Men may seem to run the business world, but when it comes to branding, women business owners are the standouts. In a survey released today, May 27, graphic design marketplace 99designs found that women small business owners, not men, place branding at the top of their priorities.

The SMB Branding Perceptions Survey, which included 719 small business owners and entrepreneurs in the U.S., found that women are investing more time and money into getting a logo and branding their companies when they’re starting a business. Women business owners are twice as likely to invest in a logo than men – 31 percent vs. 17 percent, according to the survey. Additionally, more women than men view a professional-looking website as a priority and as a factor that influences their own purchasing decisions.

This might be due to the history of the business world, according to Pamela Webber, CMO of 99designs. In a telephone interview, she speculated that, because men tend to use relationships to market their business, they are content with getting referrals to their small businesses through word of mouth. However, “women, to distinguish themselves choose branding to get a leg up on consumer perception, rather than using the networking channel,” she said.

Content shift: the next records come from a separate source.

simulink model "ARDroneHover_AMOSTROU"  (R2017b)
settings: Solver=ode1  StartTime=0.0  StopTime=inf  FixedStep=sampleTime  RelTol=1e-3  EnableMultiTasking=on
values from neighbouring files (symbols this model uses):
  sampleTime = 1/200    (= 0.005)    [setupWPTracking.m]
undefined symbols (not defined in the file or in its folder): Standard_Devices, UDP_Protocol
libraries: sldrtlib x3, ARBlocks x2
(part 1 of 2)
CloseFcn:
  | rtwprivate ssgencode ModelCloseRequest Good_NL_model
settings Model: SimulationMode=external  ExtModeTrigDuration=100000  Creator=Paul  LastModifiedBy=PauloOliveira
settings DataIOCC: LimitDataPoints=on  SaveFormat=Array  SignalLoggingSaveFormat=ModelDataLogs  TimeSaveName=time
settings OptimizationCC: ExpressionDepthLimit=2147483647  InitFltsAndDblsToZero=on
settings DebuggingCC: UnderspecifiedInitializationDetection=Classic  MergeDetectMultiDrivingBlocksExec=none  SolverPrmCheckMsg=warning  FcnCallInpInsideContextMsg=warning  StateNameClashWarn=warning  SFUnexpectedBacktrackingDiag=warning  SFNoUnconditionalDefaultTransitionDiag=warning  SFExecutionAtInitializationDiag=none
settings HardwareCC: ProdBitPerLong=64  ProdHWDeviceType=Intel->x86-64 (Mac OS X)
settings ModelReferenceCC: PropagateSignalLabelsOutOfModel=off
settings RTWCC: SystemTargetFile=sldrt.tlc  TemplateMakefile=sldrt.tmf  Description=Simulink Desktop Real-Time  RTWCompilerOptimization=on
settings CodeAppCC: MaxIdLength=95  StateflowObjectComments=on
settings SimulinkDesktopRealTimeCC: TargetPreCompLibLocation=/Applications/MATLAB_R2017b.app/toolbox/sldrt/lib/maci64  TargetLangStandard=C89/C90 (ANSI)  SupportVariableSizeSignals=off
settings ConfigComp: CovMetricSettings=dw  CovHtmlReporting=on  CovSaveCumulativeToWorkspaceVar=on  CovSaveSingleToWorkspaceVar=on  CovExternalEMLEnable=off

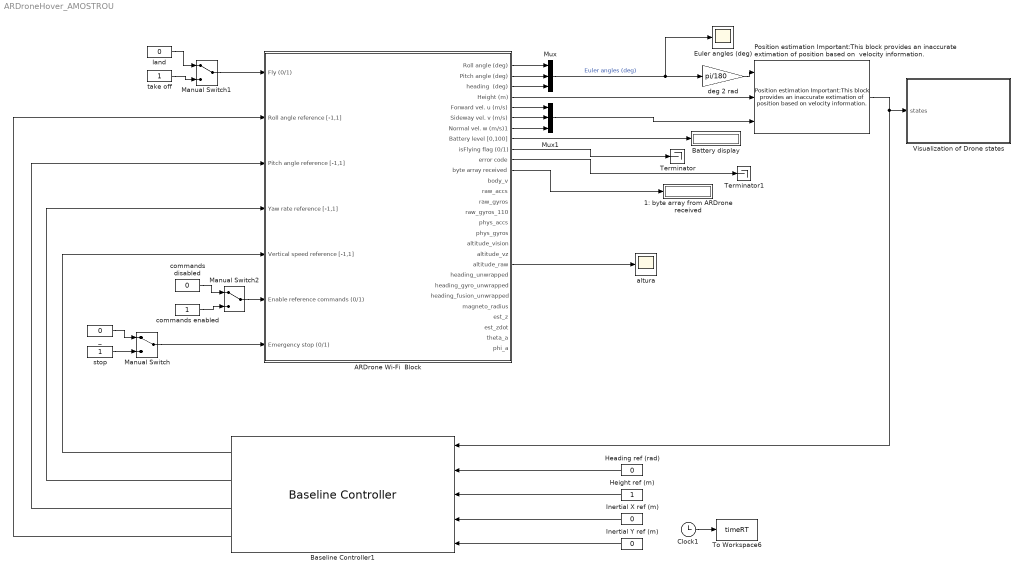
== system ARDroneHover_AMOSTROU ==
  "1: byte array from ARDrone received " : Display
  ARDrone Wi-Fi  Block : Subsystem  AncestorBlock="ARBlocks/ARDrone Wi-Fi  Block"
  Baseline Controller1 : ARBlocks/Baseline Controller
  Battery display : Display
  Clock1 : Clock
  Euler angles (deg) : Scope
  Heading ref (rad) : Constant  Value=0
  Height ref (m) : Constant
  Inertial X ref (m) : Constant  Value=0
  Inertial Y ref (m) : Constant  Value=0
  Manual Switch : ManualSwitch
  Manual Switch1 : ManualSwitch
  Manual Switch2 : ManualSwitch
  Mux : Mux  Inputs=3
  Mux1 : Mux  Inputs=3
  "Position estimation Important:This block provides an inaccurate extimation of position based on  velocity information. " : ARBlocks/Position estimation Important:This block provides an  inaccurate extimation of position  based on  velocity information. 
  Terminator : Terminator
  Terminator1 : Terminator
  To Workspace6 : ToWorkspace  VariableName=timeRT  SampleTime=sampleTime
  Visualization of Drone states : Subsystem
  _ : Constant  Value=0
  altura : Scope
  commands disabled : Constant  Value=0
  commands enabled : Constant
  deg 2 rad : Gain  Gain=pi/180
  land : Constant  Value=0
  stop : Constant
  take off : Constant
  wires:
  _/1 -> Manual Switch/1
  stop/1 -> Manual Switch/2
  land/1 -> Manual Switch1/1
  take off/1 -> Manual Switch1/2
  commands disabled/1 -> Manual Switch2/1
  commands enabled/1 -> Manual Switch2/2
  Manual Switch1/1 -> ARDrone Wi-Fi  Block/1(Fly (0/1))
  Manual Switch2/1 -> ARDrone Wi-Fi  Block/6(Enable reference commands (0/1))
  Manual Switch/1 -> ARDrone Wi-Fi  Block/7(Emergency stop (0/1))
  ARDrone Wi-Fi  Block/1(Roll angle (deg)) -> Mux/1
  ARDrone Wi-Fi  Block/2(Pitch angle (deg)) -> Mux/2
  ARDrone Wi-Fi  Block/5(Forward vel. u (m/s)) -> Mux1/1
  ARDrone Wi-Fi  Block/6(Sideway vel. v (m/s)) -> Mux1/2
  ARDrone Wi-Fi  Block/7(Normal vel. w (m/s)1) -> Mux1/3
  Mux/1 -> Euler angles (deg)/1, deg 2 rad/1  "Euler angles (deg)"
  ARDrone Wi-Fi  Block/8(Battery level [0,100]) -> Battery display/1
  Baseline Controller1/1 -> ARDrone Wi-Fi  Block/5(Vertical speed reference [-1,1])
  Baseline Controller1/3 -> ARDrone Wi-Fi  Block/3(Pitch angle reference [-1,1])
  "Position estimation Important:This block provides an inaccurate extimation of position based on  velocity information. "/1 -> Visualization of Drone states/1(states), Baseline Controller1/1
  deg 2 rad/1 -> "Position estimation Important:This block provides an inaccurate extimation of position based on  velocity information. "/1
  ARDrone Wi-Fi  Block/4(Height (m)) -> "Position estimation Important:This block provides an inaccurate extimation of position based on  velocity information. "/2
  Mux1/1 -> "Position estimation Important:This block provides an inaccurate extimation of position based on  velocity information. "/3
  Baseline Controller1/4 -> ARDrone Wi-Fi  Block/2(Roll angle reference [-1,1])
  ARDrone Wi-Fi  Block/3(heading  (deg)) -> Mux/3
  ARDrone Wi-Fi  Block/9(isFlying flag (0/1)) -> Terminator/1
  ARDrone Wi-Fi  Block/10(error code) -> Terminator1/1
  ARDrone Wi-Fi  Block/11(byte array received) -> "1: byte array from ARDrone received "/1
  Baseline Controller1/2 -> ARDrone Wi-Fi  Block/4(Yaw rate reference [-1,1])
  Clock1/1 -> To Workspace6/1
  Height ref (m)/1 -> Baseline Controller1/3
  Inertial X ref (m)/1 -> Baseline Controller1/4
  Inertial Y ref (m)/1 -> Baseline Controller1/5
  Heading ref (rad)/1 -> Baseline Controller1/2
  ARDrone Wi-Fi  Block/20(altitude_raw) -> altura/1

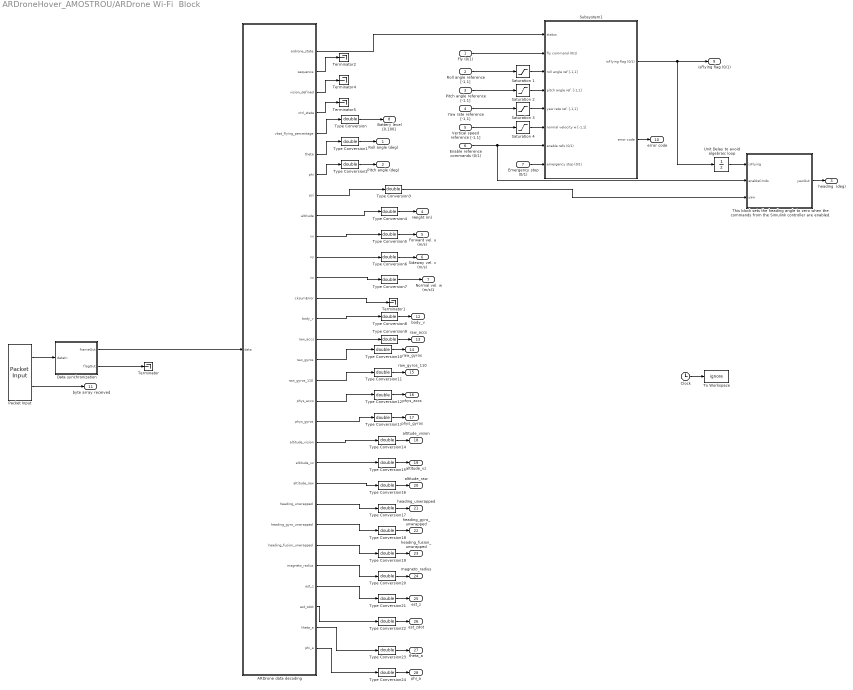
== system ARDroneHover_AMOSTROU/ARDrone Wi-Fi  Block ==
  Fly (0/1) : Inport
  Roll angle reference [-1,1] : Inport  Port=2
  Pitch angle reference [-1,1] : Inport  Port=3
  Yaw rate reference [-1,1] : Inport  Port=4
  Vertical speed reference [-1,1] : Inport  Port=5
  Enable reference commands (0/1) : Inport  Port=6
  Emergency stop (0/1) : Inport  Port=7
  ARDrone data decoding : MATLAB Function  TreatAsAtomicUnit=on
  Clock : Clock
      settings: Decimation=100
  "Data synchronization " : MATLAB Function  TreatAsAtomicUnit=on
  Packet Input : sldrtlib/Packet Input  SampleTime=sampleTime  MaxMissedTicks=100  ShowMissedTicks=off  YieldWhenWaiting=off  DrvName=Standard_Devices/UDP_Protocol  DrvAddress=5554  DrvOptions=[3232235777 5554]  PacketSize=2190  DataTypes='2190*uint8'  ShowReady=on  ShowError=off  PacketID=1  ByteOrder=1  ShowTimestamp=off
      settings: AttributesFormatString=UDP Protocol [5554]  SourceProductName=Simulink Desktop Real-Time
  Saturation {1..4} (4 alike) : Saturate  UpperLimit=1  LowerLimit=-1
  Subsystem1 : Subsystem
  Terminator{,1..2,4..5} (5 alike) : Terminator
  "This block sets the heading angle to zero when the commands from the Simulink controller are enabled. " : MATLAB Function  TreatAsAtomicUnit=on
  To Workspace : ToWorkspace  VariableName=ignore  SaveFormat=Timeseries  SampleTime=-1
  Type Conversion{,1..24} (25 alike) : DataTypeConversion  OutDataTypeStr=double
  Unit Delay to avoid algebraic loop : UnitDelay  SampleTime=-1
  Roll angle (deg) : Outport
  Pitch angle (deg) : Outport  Port=2
  heading  (deg) : Outport  Port=3
  Height (m) : Outport  Port=4
  Forward vel. u (m/s) : Outport  Port=5
  Sideway vel. v (m/s) : Outport  Port=6
  Normal vel. w (m/s)1 : Outport  Port=7
  Battery level [0,100] : Outport  Port=8
  isFlying flag (0/1) : Outport  Port=9
  error code : Outport  Port=10
  byte array received : Outport  Port=11
  body_v : Outport  Port=12
  raw_accs : Outport  Port=13
  raw_gyros : Outport  Port=14
  raw_gyros_110 : Outport  Port=15
  phys_accs : Outport  Port=16
  phys_gyros : Outport  Port=17
  altitude_vision : Outport  Port=18
  altitude_vz : Outport  Port=19
  altitude_raw : Outport  Port=20
  heading_unwrapped : Outport  Port=21
  heading_gyro_unwrapped : Outport  Port=22
  heading_fusion_unwrapped : Outport  Port=23
  magneto_radius : Outport  Port=24
  est_z : Outport  Port=25
  est_zdot : Outport  Port=26
  theta_a : Outport  Port=27
  phi_a : Outport  Port=28
  wires:
  Packet Input/1 -> "Data synchronization "/1(dataIn)
  "Data synchronization "/1(frameOut) -> ARDrone data decoding/1(data)
  Packet Input/2 -> byte array received/1
  ARDrone data decoding/1(ardrone_state) -> Subsystem1/1(status)
  Roll angle reference [-1,1]/1 -> Saturation 1/1
  Pitch angle reference [-1,1]/1 -> Saturation 2/1
  Yaw rate reference [-1,1]/1 -> Saturation 3/1
  Vertical speed reference [-1,1]/1 -> Saturation 4/1
  Enable reference commands (0/1)/1 -> "This block sets the heading angle to zero when the commands from the Simulink controller are enabled. "/2(enableCmds), Subsystem1/7(enable refs (0/1))
  Emergency stop (0/1)/1 -> Subsystem1/8(emergency stop (0/1))
  Subsystem1/1(isFlying flag (0/1)) -> isFlying flag (0/1)/1, Unit Delay to avoid algebraic loop/1
  Subsystem1/2(error code) -> error code/1
  ARDrone data decoding/13(cksumError) -> Terminator1/1
  Type Conversion/1 -> Battery level [0,100]/1
  Type Conversion1/1 -> Roll angle (deg)/1
  Type Conversion2/1 -> Pitch angle (deg)/1
  Type Conversion4/1 -> Height (m)/1
  Type Conversion5/1 -> Forward vel. u (m/s)/1
  Type Conversion6/1 -> Sideway vel. v (m/s)/1
  Type Conversion7/1 -> Normal vel. w (m/s)1/1
  Type Conversion3/1 -> "This block sets the heading angle to zero when the commands from the Simulink controller are enabled. "/3(yaw)
  "This block sets the heading angle to zero when the commands from the Simulink controller are enabled. "/1(yawOut) -> heading  (deg)/1
  Fly (0/1)/1 -> Subsystem1/2(fly command (0/1))
  Saturation 1/1 -> Subsystem1/3(roll angle ref [-1,1])
  Saturation 2/1 -> Subsystem1/4(pitch angle ref. [-1,1])
  Saturation 3/1 -> Subsystem1/5(yaw rate ref. [-1,1])
  Saturation 4/1 -> Subsystem1/6(normal velocity w [-1,1])
  "Data synchronization "/2(flagOut) -> Terminator/1
  Unit Delay to avoid algebraic loop/1 -> "This block sets the heading angle to zero when the commands from the Simulink controller are enabled. "/1(isFlying)
  Clock/1 -> To Workspace/1
  ARDrone data decoding/12(vz) -> Type Conversion7/1
  ARDrone data decoding/11(vy) -> Type Conversion6/1
  ARDrone data decoding/10(vx) -> Type Conversion5/1
  ARDrone data decoding/9(altitude) -> Type Conversion4/1
  ARDrone data decoding/8(psi) -> Type Conversion3/1
  ARDrone data decoding/7(phi) -> Type Conversion2/1
  ARDrone data decoding/6(theta) -> Type Conversion1/1
  ARDrone data decoding/5(vbat_flying_percentage) -> Type Conversion/1
  ARDrone data decoding/2(sequence) -> Terminator2/1
  ARDrone data decoding/3(vision_defined) -> Terminator4/1
  ARDrone data decoding/4(ctrl_state) -> Terminator5/1
  Type Conversion8/1 -> body_v/1
  Type Conversion9/1 -> raw_accs/1
  Type Conversion10/1 -> raw_gyros/1
  Type Conversion11/1 -> raw_gyros_110/1
  Type Conversion12/1 -> phys_accs/1
  Type Conversion13/1 -> phys_gyros/1
  ARDrone data decoding/19(phys_gyros) -> Type Conversion13/1
  Type Conversion14/1 -> altitude_vision/1
  Type Conversion15/1 -> altitude_vz/1
  Type Conversion16/1 -> altitude_raw/1
  Type Conversion17/1 -> heading_unwrapped/1
  Type Conversion18/1 -> heading_gyro_unwrapped/1
  Type Conversion19/1 -> heading_fusion_unwrapped/1
  Type Conversion20/1 -> magneto_radius/1
  Type Conversion21/1 -> est_z/1
  Type Conversion22/1 -> est_zdot/1
  ARDrone data decoding/28(est_zdot) -> Type Conversion22/1
  Type Conversion23/1 -> theta_a/1
  Type Conversion24/1 -> phi_a/1
  ARDrone data decoding/29(theta_a) -> Type Conversion23/1
  ARDrone data decoding/30(phi_a) -> Type Conversion24/1
  ARDrone data decoding/14(body_v) -> Type Conversion8/1
  ARDrone data decoding/15(raw_accs) -> Type Conversion9/1
  ARDrone data decoding/16(raw_gyros) -> Type Conversion10/1
  ARDrone data decoding/17(raw_gyros_110) -> Type Conversion11/1
  ARDrone data decoding/18(phys_accs) -> Type Conversion12/1
  ARDrone data decoding/20(altitude_vision) -> Type Conversion14/1
  ARDrone data decoding/21(altitude_vz) -> Type Conversion15/1
  ARDrone data decoding/22(altitude_raw) -> Type Conversion16/1
  ARDrone data decoding/23(heading_unwrapped) -> Type Conversion17/1
  ARDrone data decoding/24(heading_gyro_unwrapped) -> Type Conversion18/1
  ARDrone data decoding/25(heading_fusion_unwrapped) -> Type Conversion19/1
  ARDrone data decoding/26(magneto_radius) -> Type Conversion20/1
  ARDrone data decoding/27(est_z) -> Type Conversion21/1

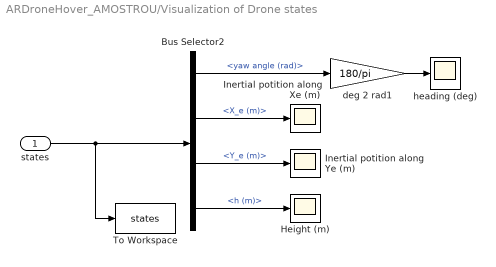
== system ARDroneHover_AMOSTROU/Visualization of Drone states ==
  states : Inport
  Bus Selector2 : BusSelector  OutputSignals=yaw angle (rad),X_e (m),Y_e (m),h (m)
  Height (m) : Scope
  Inertial potition along Xe (m) : Scope
  Inertial potition along Ye (m) : Scope
  To Workspace : ToWorkspace  VariableName=states  SaveFormat=Structure With Time  SampleTime=-1
  deg 2 rad1 : Gain  Gain=180/pi
  heading (deg) : Scope
  wires:
  states/1 -> To Workspace/1, Bus Selector2/1
  Bus Selector2/1 -> deg 2 rad1/1  "<yaw angle (rad)>"
  Bus Selector2/2 -> Inertial potition along Xe (m)/1  "<X_e (m)>"
  Bus Selector2/3 -> Inertial potition along Ye (m)/1  "<Y_e (m)>"
  Bus Selector2/4 -> Height (m)/1  "<h (m)>"
  deg 2 rad1/1 -> heading (deg)/1

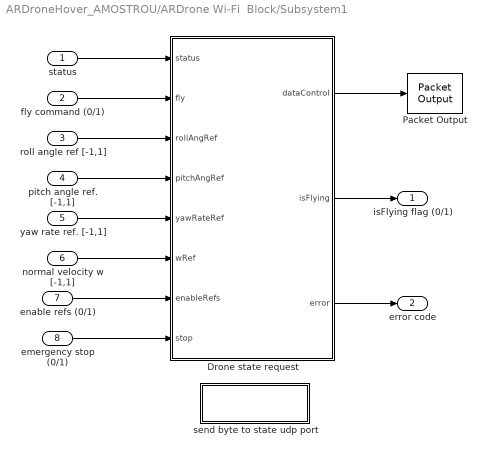
== system ARDroneHover_AMOSTROU/ARDrone Wi-Fi  Block/Subsystem1 ==
  status : Inport
  fly command (0/1) : Inport  Port=2
  roll angle ref [-1,1] : Inport  Port=3
  pitch angle ref. [-1,1] : Inport  Port=4
  yaw rate ref. [-1,1] : Inport  Port=5
  normal velocity w [-1,1] : Inport  Port=6
  enable refs (0/1) : Inport  Port=7
  emergency stop (0/1) : Inport  Port=8
  Drone state request : MATLAB Function  TreatAsAtomicUnit=on  SystemSampleTime=sampleTime
  Packet Output : sldrtlib/Packet Output  SampleTime=-1  MaxMissedTicks=100  ShowMissedTicks=off  YieldWhenWaiting=off  DrvName=Standard_Devices/UDP_Protocol  DrvAddress=5556  DrvOptions=[3232235777 5556]  PacketSize=150  DataTypes='150*uint8'  ShowReady=off  ShowError=off  PacketID=1  ByteOrder=1  InitialValue=[]  FinalValue=[]
      settings: AttributesFormatString=UDP Protocol [5556]  SourceProductName=Simulink Desktop Real-Time
  "send byte to state udp port " : Subsystem
  isFlying flag (0/1) : Outport
  error code : Outport  Port=2
  wires:
  fly command (0/1)/1 -> Drone state request/2(fly)
  pitch angle ref. [-1,1]/1 -> Drone state request/4(pitchAngRef)
  status/1 -> Drone state request/1(status)
  Drone state request/1(dataControl) -> Packet Output/1
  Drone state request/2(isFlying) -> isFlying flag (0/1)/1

Nevertheless, the survey found that branding is still important to small business owners, regardless of gender. More than three-quarters of small business owners (76 percent) responded that a professional-looking website would help them attract a better quality of customer – and only 22 percent of respondents didn’t place any importance on the look and feel of their brands.

“No matter what, a business needs a credible brand,” Webber said. The brand is what communicates the value provided to the customer, she added.

However, a website may not be a smart investment for a small business right off the bat. “If you’re a local business and …dependent on word of mouth, a website may not be as important,” she said. However, a small business still needs other branding elements, such as business cards or brochures. “That being said, I don’t think anyone would argue that having a website does give a business more credibility.”